What needs to be done
A single number is all that's needed: how many lines in the data contain the string "Drill".
Start of Data excerpts
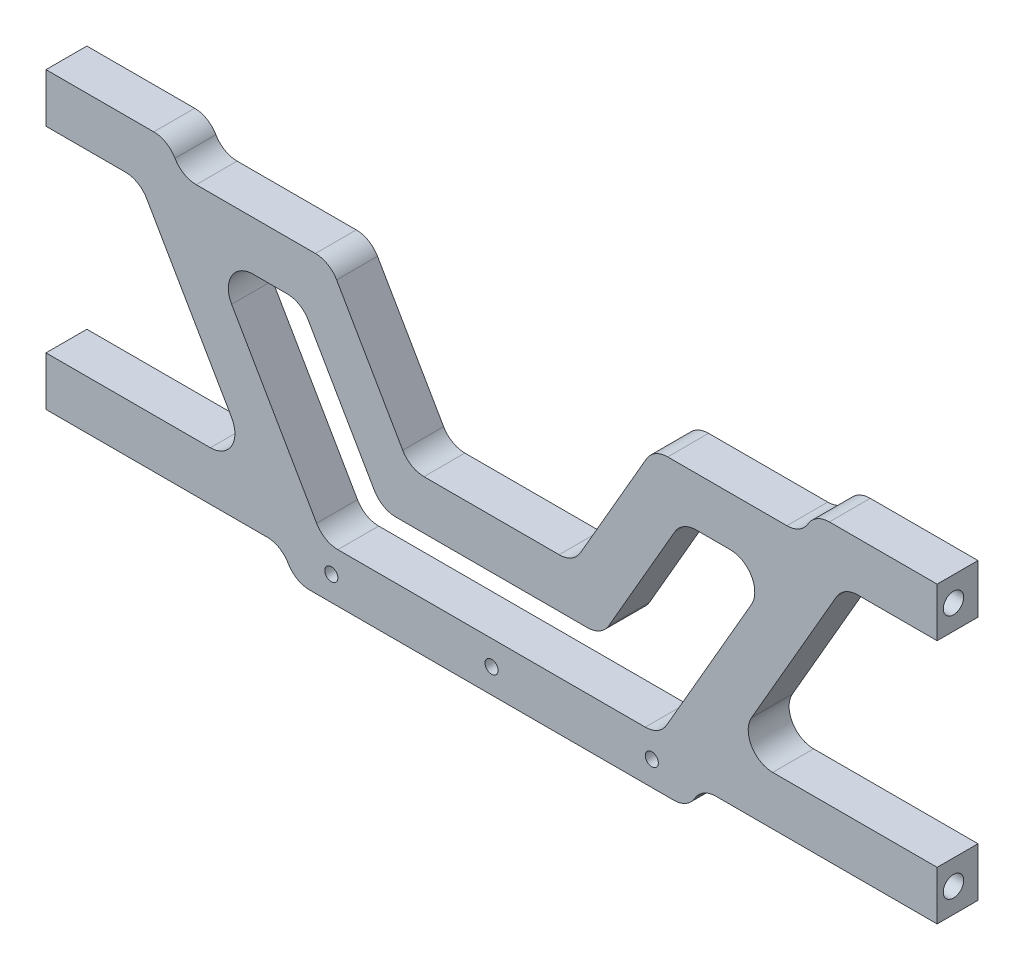
SolidWorks part; units mm, degrees
ref_plane "Front Plane" through (0, 0, 0) normal (0, 0, 1) x (1, 0, 0)
ref_plane "Top Plane" through (0, 0, 0) normal (0, 1, 0) x (1, 0, 0)
ref_plane "Right Plane" through (0, 0, 0) normal (1, 0, 0) x (0, 0, -1)
sketch "Sketch1" plane through (0, 0, 0) normal (0, 0, 1) x (1, 0, 0)
  line L1 (-54.5, 0) -> (54.5, 0)
  line L2 (-54.5, 0) -> (-54.5, 39)
  line L3 (-54.5, 39) -> (54.5, 39)
  line L4 (54.5, 0) -> (54.5, 39)
  dimension "D1" = 39
  dimension "D2" = 109
extrude "Boss-Extrude1" add sketch "Sketch1" along normal blind 5
sketch "Sketch2" plane through (0, 0, 5) normal (0, 0, 1) x (1, 0, 0)
  line L0 (-54.5, 33) -> (-43.0526, 33)
  line L2 (-54.5, 39) -> (-54.5, 0) construction
  line L3 (-43.0526, 33) -> (-29.1962, 9)
  line L5 (-29.1962, 9) -> (-54.5, 9)
  line L6 (-54.5, 9) -> (-54.5, 33)
  line L7 (54.5, 39) -> (-54.5, 39) construction
  line L8 (-39.5885, 39) -> (-37.8564, 36)
  line L9 (-10, 19) -> (0, 19)
  line L10 (0, 19) -> (0, 39)
  line L11 (0, 39) -> (-39.5885, 39)
  line L12 (-54.5, 3) -> (-25.7321, 3)
  line L13 (-25.7321, 3) -> (-24, 0)
  line L14 (-54.5, 0) -> (54.5, 0) construction
  line L15 (-24, 0) -> (-54.5, 0)
  line L16 (-54.5, 0) -> (-54.5, 3)
  line L17 (-13.4641, 13) -> (0, 13)
  line L18 (0, 13) -> (0, 6)
  line L19 (0, 6) -> (-20.5359, 6)
  line L20 (-20.5359, 6) -> (-34.3923, 30)
  line L21 (-37.8564, 36) -> (-19.815, 36)
  line L22 (-19.815, 36) -> (-10, 19)
  line L23 (-13.4641, 13) -> (-23.2791, 30)
  line L24 (-23.2791, 30) -> (-34.3923, 30)
  dimension "D3" = 60
  dimension "D1" = 6
  dimension "D2" = 24
  dimension "D4" = 6
  dimension "D5" = 3
  dimension "D6" = 24
  dimension "D7" = 6
  dimension "D8" = 6
  dimension "D9" = 3
  dimension "D10" = 6
  dimension "D11" = 6
  dimension "D12" = 20
  dimension "D13" = 10
extrude "Cut-Extrude1" cut sketch "Sketch2" against normal up to next
hole_wizard "Tap Drill for M3 Tap1" positions "Sketch4" profile "Sketch3" hole size "M3" standard "ISO"
sketch "Sketch4" plane through (-54.5, 0, 0) normal (-1, 0, 0) x (0, 0, 1)
  line L0 (5, 39) -> (0, 39) construction
  line L4 (0, 9) -> (0, 3) construction
  point P0 (3, 36)
  point P2 (3, 6)
  dimension "D1" = 3
  dimension "D2" = 30
  dimension "D3" = 3
sketch "Sketch3" plane through (-54.5, 36, 3) normal (0, 1, 0) x (0, 0, 1)
  line L0 (0, 0) -> (0, 10.7511)
  line L1 (0, 10.7511) -> (1.25, 10)
  line L2 (1.25, 10) -> (1.25, 0)
  line L5 (1.25, 0) -> (0, 0)
  line L10 (0, 10.7511) -> (-1.25, 10) construction
  line L11 (0, -6.35) -> (0, 107.95) construction
  dimension "Hole Dia." = 2.5
  dimension "Hole Depth" = 10
  dimension "Drill Angle" = 118
fillet "Fillet1" radius 3 12 edges at (-43.0526, 33, 2.5) (-29.1962, 9, 2.5) (-24, 0, 2.5) (-25.7321, 3, 2.5) (-39.5885, 39, 2.5) (-20.5359, 6, 2.5) (-37.8564, 36, 2.5) (-23.2791, 30, 2.5) (-19.815, 36, 2.5) (-34.3923, 30, 2.5) (-10, 19, 2.5) (-13.4641, 13, 2.5)
mirror "Mirror1" about plane through (0, 0, 0) normal (1, 0, 0) of "Fillet1", "Tap Drill for M3 Tap1", "Cut-Extrude1"
hole_wizard "Tap Drill for M2 Tap1" positions "Sketch7" profile "Sketch6" hole size "M2" standard "ISO" end condition up to next
sketch "Sketch7" plane through (0, 0, 5) normal (0, 0, 1) x (1, 0, 0)
  line L0 (-22.2679, 0) -> (22.2679, 0) construction
  point P0 (-19.6, 3)
  point P2 (0, 3)
  point P4 (19.6, 3)
  dimension "D1" = 19.6
  dimension "D2" = 19.6
  dimension "D3" = 3
sketch "Sketch6" plane through (-19.6, 3, 5) normal (1, 0, 0) x (0, -1, 0)
  line L0 (0, 0) -> (0, 5)
  line L1 (0, 5) -> (0.8, 5)
  line L2 (0.8, 5) -> (0.8, 0)
  line L5 (0.8, 0) -> (0, 0)
  line L11 (0, -6.35) -> (0, 107.95) construction
  dimension "Thru Hole Dia." = 1.6
  dimension "Thru Hole Depth" = 5
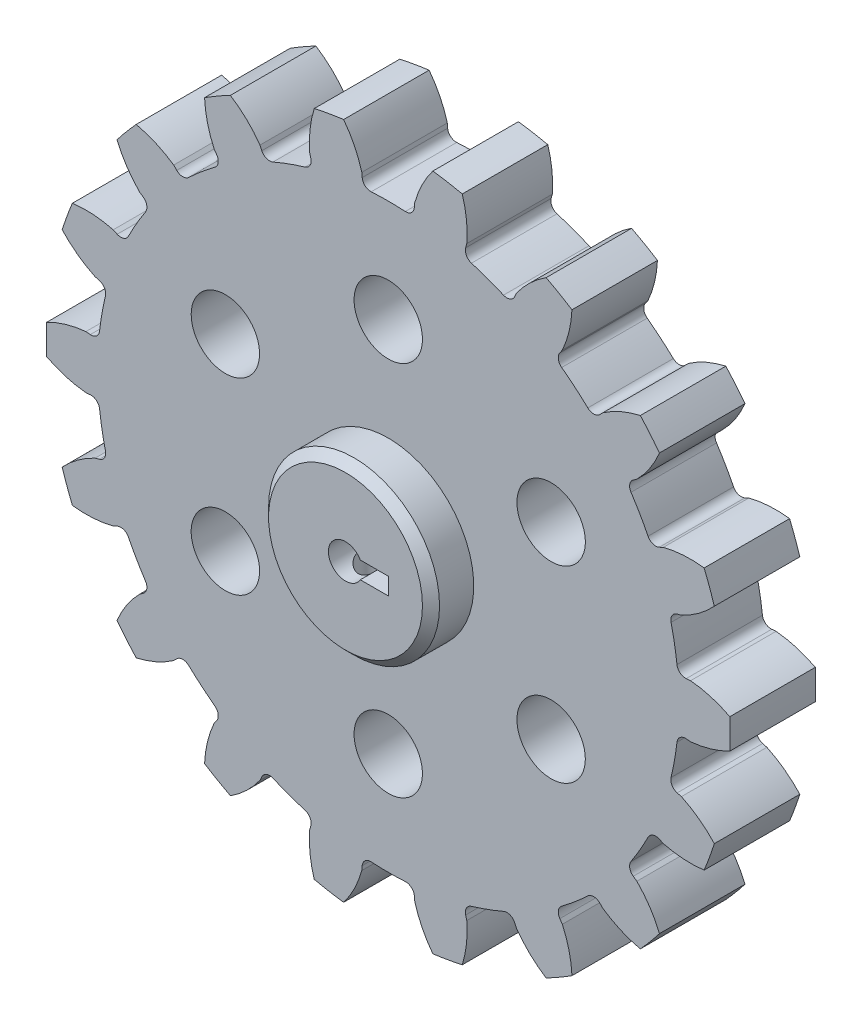
SolidWorks part; units mm, degrees
ref_plane "Plan de face" through (0, 0, 0) normal (0, 0, 1) x (1, 0, 0)
ref_plane "Plan de dessus" through (0, 0, 0) normal (0, 1, 0) x (1, 0, 0)
ref_plane "Plan de droite" through (0, 0, 0) normal (1, 0, 0) x (0, 0, -1)
sketch "Esquisse1" plane through (0, 0, 0) normal (0, 0, 1) x (1, 0, 0)
  line L0 (0, 0) -> (49.1646, 0) construction
  line L1 (0, 0) -> (33.4835, 5.904) construction
  line L2 (0, 0) -> (40.5362, 3.5465) construction
  line L3 (0, 0) -> (40.5296, 1.7696) construction
  line L4 (33.8706, -2.9633) -> (35.3649, -3.094)
  line L5 (0, 0) -> (33.4835, 5.904)
  line L6 (33.8706, 2.9633) -> (35.3649, 3.094)
  line L7 (0, 0) -> (33.4835, -5.904)
  circle A0 centre (0, 0) radius 40 construction
  circle A1 centre (0, 0) radius 35.5 construction
  circle A2 centre (0, 0) radius 34 construction
  arc A3 (33.4835, 5.904) -> (33.8706, 2.9633) centre (0, 0) cw
  arc A4 (39.9546, -1.7445) -> (39.9546, 1.7445) centre (0, 0) ccw
  arc A5 (35.3649, 3.094) -> (39.9546, 1.7445) centre (34.1869, -9.3916) cw
  arc A6 (35.3649, -3.094) -> (39.9546, -1.7445) centre (34.1869, 9.3916) ccw
  arc A7 (33.4835, -5.904) -> (33.8706, -2.9633) centre (0, 0) ccw
  dimension "D1" = 80
  dimension "D2" = 71
  dimension "D3" = 6
  dimension "D4" = 10
  dimension "D5" = 5
  dimension "D6" = 2.5
extrude "Boss.-Extru.1" add sketch "Esquisse1" along normal blind 10 contours L7 A7 L4 A6 A4 A5 L6 A3 L5
fillet "Congé1" radius 1 2 edges at (33.8706, -2.9633, 5) (33.8706, 2.9633, 5)
pattern_circular "Répétition circulaire2" count 18 over 360 about axis through (0, 0, 10) along (0, 0, -1) of "Congé1", "Boss.-Extru.1" reverse direction yes
sketch "Esquisse3" plane through (0, 0, 10) normal (0, 0, 1) x (1, 0, 0)
  circle A0 centre (0, 0) radius 10
  dimension "D1" = 20
extrude "Boss.-Extru.2" add sketch "Esquisse3" along normal blind 5
sketch "Esquisse5" plane through (0, 0, 15) normal (0, 0, 1) x (1, 0, 0)
  circle A0 centre (0, 0) radius 2
  dimension "D1" = 4
sketch "Esquisse7" plane through (0, 0, 15) normal (0, 0, 1) x (1, 0, 0)
  line L1 (0, 1) -> (5, 1)
  line L2 (0, 1) -> (0, -1)
  line L3 (0, -1) -> (5, -1)
  line L4 (5, 1) -> (5, -1)
  dimension "D1" = 1
  dimension "D2" = 1
  dimension "D3" = 5
extrude "Enlèv. mat.-Extru.2" cut sketch "Esquisse7" against normal up to surface (5 mm away) contours L1 L4 L3 L2 up to face at (-10, 0, 10)
extrude "Enlèv. mat.-Extru.3" cut sketch "Esquisse5" against normal up to surface (15 mm away) up to face at (0, 0, 0)
sketch "Esquisse8" plane through (0, 0, 0) normal (0, 1, 0) x (1, 0, 0)
  line L0 (-10, -15) -> (10, -15) construction
  circle A0 centre (0, -12) radius 1.5
  dimension "D1" = 3
  dimension "D2" = 3
extrude "Enlèv. mat.-Extru.4" cut sketch "Esquisse8" against normal up to surface (10 mm away) contours A0 up to face at (10, 0, 15)
chamfer "Chanfrein1" distance 1 angle 45 1 edges at (10, 0, 15)
sketch "Esquisse9" plane through (0, 0, 10) normal (0, 0, 1) x (1, 0, 0)
  circle A0 centre (0, 22) radius 4
  dimension "D1" = 8
  dimension "D2" = 22
extrude "Enlèv. mat.-Extru.5" cut sketch "Esquisse9" against normal up to surface (10 mm away) up to face at (-2, 0, 0)
pattern_circular "Répétition circulaire3" count 6 over 360 about axis through (0, 0, 15) along (0, 0, -1) of "Enlèv. mat.-Extru.5"
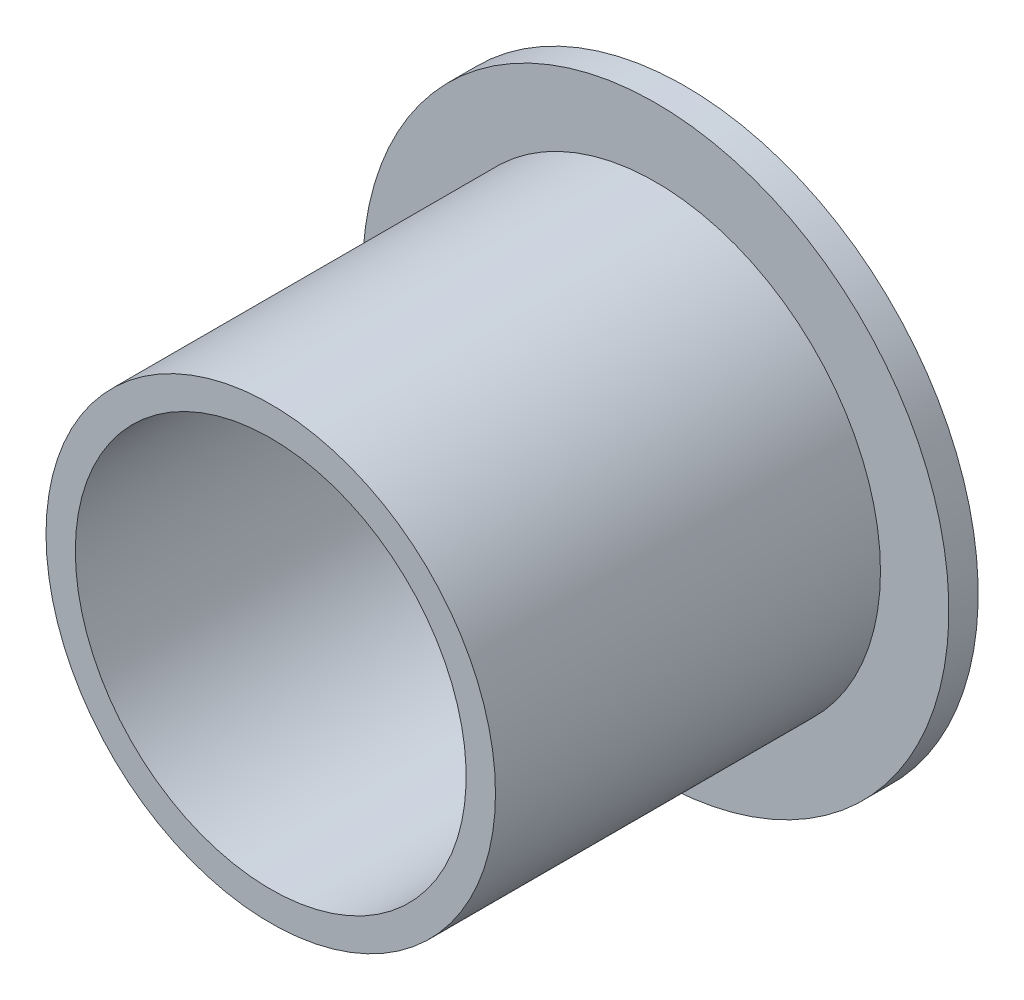
SolidWorks part; units mm, degrees
ref_plane "Front" through (0, 0, 0) normal (0, 0, 1) x (1, 0, 0)
ref_plane "Top" through (0, 0, 0) normal (0, 1, 0) x (1, 0, 0)
ref_plane "Right" through (0, 0, 0) normal (1, 0, 0) x (0, 0, -1)
ref_axis "side-side" through (80.9, 0, 0) along (-1, 0, 0)
ref_axis "up-down" through (0, 50, 0) along (0, -1, 0)
ref_axis "front-back" through (0, 0, -80.9) along (0, 0, 1)
sketch "Sketch1" plane through (0, 0, 0) normal (1, 0, 0) x (0, 0, -1)
  line L0 (0, 0) -> (-73.7719, 0) construction
  line L1 (1.5, 10) -> (-19.7, 10)
  line L2 (1.5, 10) -> (1.5, 15)
  line L3 (1.5, 15) -> (0, 15)
  line L4 (-19.7, 10) -> (-19.7, 11.5)
  line L7 (-19.7, 11.5) -> (0, 11.5)
  line L8 (0, 15) -> (0, 11.5)
  dimension "D1" = 20
  dimension "D2" = 23
  dimension "D3" = 1.5
  dimension "D4" = 30
  dimension "D5" = 21.2
revolve "Revolve1" add sketch "Sketch1" angle 360 about L0
sketch "Sketch2" plane through (0, 0, 0) normal (0, 0, 1) x (1, 0, 0)
  circle A1 centre (0, 0) radius 15
  circle A2 centre (0, 0) radius 15
  dimension "D1" = 0
extrude "Cut-Extrude1" [suppressed] cut sketch "Sketch2" along normal through all from offset 6.35
End of Data excerpts
Answer for this exercise
4